## ASSIGNMENT
What you give back must match the records below exactly, apart from the pictures, which are omitted.

## SOURCE DATA
■ ■ ■ ■ ■ ■ ■

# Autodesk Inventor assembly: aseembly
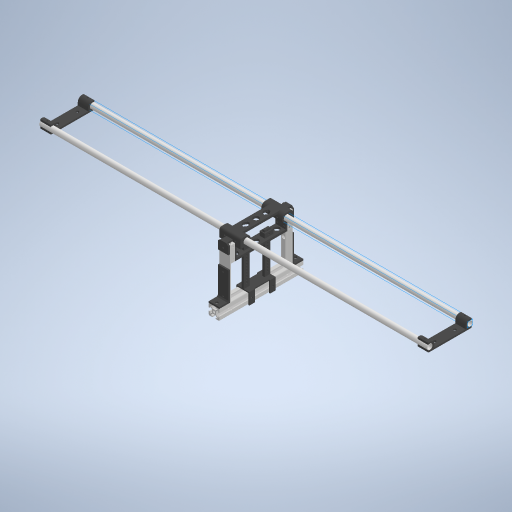
[picture p0: Inventor's stored thumbnail of the model, 512x512]
Saved by Autodesk Inventor 2024.3 (Build 283343000, 343)
## iProperties
Created: 2024-09-08
Part Number: aseembly
Document SubType Name: Assembly
Designer: Gihyeok
Author: Gihyeok
## Documents named in this file (9)
- C:\Users\gihyeok2\Desktop\New folder\component\linear_guide\dummy_assembly.iam
- C:\Users\gihyeok2\Desktop\New folder\component\linear_guide\HFS5-2020-160-AH24-BH136-Z6-XA20-XB65-XC140_Autodesk_Inventor_2024_20240908\HFS5-2020-160-AH24-BH136-Z6-XA20-XB65-XC140.ipt
- C:\Users\gihyeok2\Desktop\New folder\component\linear_guide\base.ipt
- C:\Users\gihyeok2\Desktop\New folder\component\linear_guide\linear_rail(JKSG10-95-S1)\JKSG10-95-S1.iam
- C:\Users\gihyeok2\Desktop\New folder\component\linear_guide\top.ipt
- C:\Users\gihyeok2\Desktop\New folder\component\linear_guide\pillar_2ea.ipt
- C:\Users\gihyeok2\Desktop\New folder\component\linear_guide\latch.ipt
- D:\OneDrive\Tokyo Tech\Project\Dog Robot\Hoshiramu_robot\component\linear_guide\aluminium_pipe_10mm_740mm.ipt
- C:\Users\gihyeok2\Desktop\New folder\component\linear_guide\pipe_holder.ipt
## Components (13 placed, 8 different names)
1. HFS5-2020-160-AH24-BH136-Z6-XA20-XB65-XC140:1 — Mate:17, Mate:18, Flush:2, Mate:19, Mate:20
2. base:1 — Mate:14, Mate:15, Mate:16
3. base:2 — Mate:11, Mate:12, Mate:13, Mate:17, Mate:18, Flush:2
4. JKSG10-95-S1:2 [sub-assembly] — Mate:1, Mate:2, Mate:6, Mate:9, Mate:10, Flush:1, Mate:14, Mate:15, Mate:16
5. top:1 — Mate:1, Mate:2, Mate:3, Mate:4, Mate:5, Mate:6, Mate:21, Mate:22, Mate:23, Mate:24, Mate:25
6. JKSG10-95-S1:3 [sub-assembly] — Mate:3, Mate:4, Mate:5, Mate:7, Mate:8, Mate:11, Mate:12, Mate:13
7. pillar_2ea:1 — Mate:19, Mate:20, Mate:21
8. latch:1 — Mate:7, Mate:8
9. latch:2 — Mate:9, Mate:10, Flush:1
10. aluminium_pipe_10mm_740mm:1 — Mate:22, Mate:23, Mate:28, Mate:29
11. aluminium_pipe_10mm_740mm:2 — Mate:24, Mate:25, Mate:26, Mate:27
12. pipe_holder:1 — Mate:26, Mate:27
13. pipe_holder:2 — Mate:28, Mate:29
## Relationships (31: Mate 29, Flush 2)
- Mate:1: JKSG10-95-S1:2 ↔ top:1
- Mate:2: JKSG10-95-S1:2 ↔ top:1
- Mate:3: top:1 ↔ JKSG10-95-S1:3
- Mate:4: top:1 ↔ JKSG10-95-S1:3
- Mate:5: top:1 ↔ JKSG10-95-S1:3
- Mate:6: JKSG10-95-S1:2 ↔ top:1
- Mate:7: JKSG10-95-S1:3 ↔ latch:1
- Mate:8: JKSG10-95-S1:3 ↔ latch:1
- Mate:9: JKSG10-95-S1:2 ↔ latch:2
- Mate:10: JKSG10-95-S1:2 ↔ latch:2
- Flush:1: JKSG10-95-S1:2 ↔ latch:2
- Mate:11: base:2 ↔ JKSG10-95-S1:3
- Mate:12: base:2 ↔ JKSG10-95-S1:3
- Mate:13: base:2 ↔ JKSG10-95-S1:3
- Mate:14: base:1 ↔ JKSG10-95-S1:2
- Mate:15: base:1 ↔ JKSG10-95-S1:2
- Mate:16: base:1 ↔ JKSG10-95-S1:2
- Mate:17: HFS5-2020-160-AH24-BH136-Z6-XA20-XB65-XC140:1 ↔ base:2
- Mate:18: HFS5-2020-160-AH24-BH136-Z6-XA20-XB65-XC140:1 ↔ base:2
- Flush:2: HFS5-2020-160-AH24-BH136-Z6-XA20-XB65-XC140:1 ↔ base:2
- Mate:19: HFS5-2020-160-AH24-BH136-Z6-XA20-XB65-XC140:1 ↔ pillar_2ea:1
- Mate:20: HFS5-2020-160-AH24-BH136-Z6-XA20-XB65-XC140:1 ↔ pillar_2ea:1
- Mate:21: top:1 ↔ pillar_2ea:1
- Mate:22: top:1 ↔ aluminium_pipe_10mm_740mm:1
- Mate:23: top:1 ↔ aluminium_pipe_10mm_740mm:1
- Mate:24: top:1 ↔ aluminium_pipe_10mm_740mm:2
- Mate:25: top:1 ↔ aluminium_pipe_10mm_740mm:2
- Mate:26: aluminium_pipe_10mm_740mm:2 ↔ pipe_holder:1
- Mate:27: aluminium_pipe_10mm_740mm:2 ↔ pipe_holder:1
- Mate:28: aluminium_pipe_10mm_740mm:1 ↔ pipe_holder:2
- Mate:29: aluminium_pipe_10mm_740mm:1 ↔ pipe_holder:2

■ ■ ■ ■ ■ ■ ■

## TASK OUTPUT
# Autodesk Inventor assembly: aseembly
[picture p0: Inventor's stored thumbnail of the model, 512x512]
Saved by Autodesk Inventor 2024.3 (Build 283343000, 343)
## iProperties
Created: 2024-09-08
Part Number: aseembly
Document SubType Name: Assembly
Designer: Gihyeok
Author: Gihyeok
## Documents named in this file (9)
- C:\Users\gihyeok2\Desktop\New folder\component\linear_guide\dummy_assembly.iam
- C:\Users\gihyeok2\Desktop\New folder\component\linear_guide\HFS5-2020-160-AH24-BH136-Z6-XA20-XB65-XC140_Autodesk_Inventor_2024_20240908\HFS5-2020-160-AH24-BH136-Z6-XA20-XB65-XC140.ipt
- C:\Users\gihyeok2\Desktop\New folder\component\linear_guide\base.ipt
- C:\Users\gihyeok2\Desktop\New folder\component\linear_guide\linear_rail(JKSG10-95-S1)\JKSG10-95-S1.iam
- C:\Users\gihyeok2\Desktop\New folder\component\linear_guide\top.ipt
- C:\Users\gihyeok2\Desktop\New folder\component\linear_guide\pillar_2ea.ipt
- C:\Users\gihyeok2\Desktop\New folder\component\linear_guide\latch.ipt
- D:\OneDrive\Tokyo Tech\Project\Dog Robot\Hoshiramu_robot\component\linear_guide\aluminium_pipe_10mm_740mm.ipt
- C:\Users\gihyeok2\Desktop\New folder\component\linear_guide\pipe_holder.ipt
## Components (13 placed, 8 different names)
1. HFS5-2020-160-AH24-BH136-Z6-XA20-XB65-XC140:1 — Mate:17, Mate:18, Flush:2, Mate:19, Mate:20
2. base:1 — Mate:14, Mate:15, Mate:16
3. base:2 — Mate:11, Mate:12, Mate:13, Mate:17, Mate:18, Flush:2
4. JKSG10-95-S1:2 [sub-assembly] — Mate:1, Mate:2, Mate:6, Mate:9, Mate:10, Flush:1, Mate:14, Mate:15, Mate:16
5. top:1 — Mate:1, Mate:2, Mate:3, Mate:4, Mate:5, Mate:6, Mate:21, Mate:22, Mate:23, Mate:24, Mate:25
6. JKSG10-95-S1:3 [sub-assembly] — Mate:3, Mate:4, Mate:5, Mate:7, Mate:8, Mate:11, Mate:12, Mate:13
7. pillar_2ea:1 — Mate:19, Mate:20, Mate:21
8. latch:1 — Mate:7, Mate:8
9. latch:2 — Mate:9, Mate:10, Flush:1
10. aluminium_pipe_10mm_740mm:1 — Mate:22, Mate:23, Mate:28, Mate:29
11. aluminium_pipe_10mm_740mm:2 — Mate:24, Mate:25, Mate:26, Mate:27
12. pipe_holder:1 — Mate:26, Mate:27
13. pipe_holder:2 — Mate:28, Mate:29
## Relationships (31: Mate 29, Flush 2)
- Mate:1: JKSG10-95-S1:2 ↔ top:1
- Mate:2: JKSG10-95-S1:2 ↔ top:1
- Mate:3: top:1 ↔ JKSG10-95-S1:3
- Mate:4: top:1 ↔ JKSG10-95-S1:3
- Mate:5: top:1 ↔ JKSG10-95-S1:3
- Mate:6: JKSG10-95-S1:2 ↔ top:1
- Mate:7: JKSG10-95-S1:3 ↔ latch:1
- Mate:8: JKSG10-95-S1:3 ↔ latch:1
- Mate:9: JKSG10-95-S1:2 ↔ latch:2
- Mate:10: JKSG10-95-S1:2 ↔ latch:2
- Flush:1: JKSG10-95-S1:2 ↔ latch:2
- Mate:11: base:2 ↔ JKSG10-95-S1:3
- Mate:12: base:2 ↔ JKSG10-95-S1:3
- Mate:13: base:2 ↔ JKSG10-95-S1:3
- Mate:14: base:1 ↔ JKSG10-95-S1:2
- Mate:15: base:1 ↔ JKSG10-95-S1:2
- Mate:16: base:1 ↔ JKSG10-95-S1:2
- Mate:17: HFS5-2020-160-AH24-BH136-Z6-XA20-XB65-XC140:1 ↔ base:2
- Mate:18: HFS5-2020-160-AH24-BH136-Z6-XA20-XB65-XC140:1 ↔ base:2
- Flush:2: HFS5-2020-160-AH24-BH136-Z6-XA20-XB65-XC140:1 ↔ base:2
- Mate:19: HFS5-2020-160-AH24-BH136-Z6-XA20-XB65-XC140:1 ↔ pillar_2ea:1
- Mate:20: HFS5-2020-160-AH24-BH136-Z6-XA20-XB65-XC140:1 ↔ pillar_2ea:1
- Mate:21: top:1 ↔ pillar_2ea:1
- Mate:22: top:1 ↔ aluminium_pipe_10mm_740mm:1
- Mate:23: top:1 ↔ aluminium_pipe_10mm_740mm:1
- Mate:24: top:1 ↔ aluminium_pipe_10mm_740mm:2
- Mate:25: top:1 ↔ aluminium_pipe_10mm_740mm:2
- Mate:26: aluminium_pipe_10mm_740mm:2 ↔ pipe_holder:1
- Mate:27: aluminium_pipe_10mm_740mm:2 ↔ pipe_holder:1
- Mate:28: aluminium_pipe_10mm_740mm:1 ↔ pipe_holder:2
- Mate:29: aluminium_pipe_10mm_740mm:1 ↔ pipe_holder:2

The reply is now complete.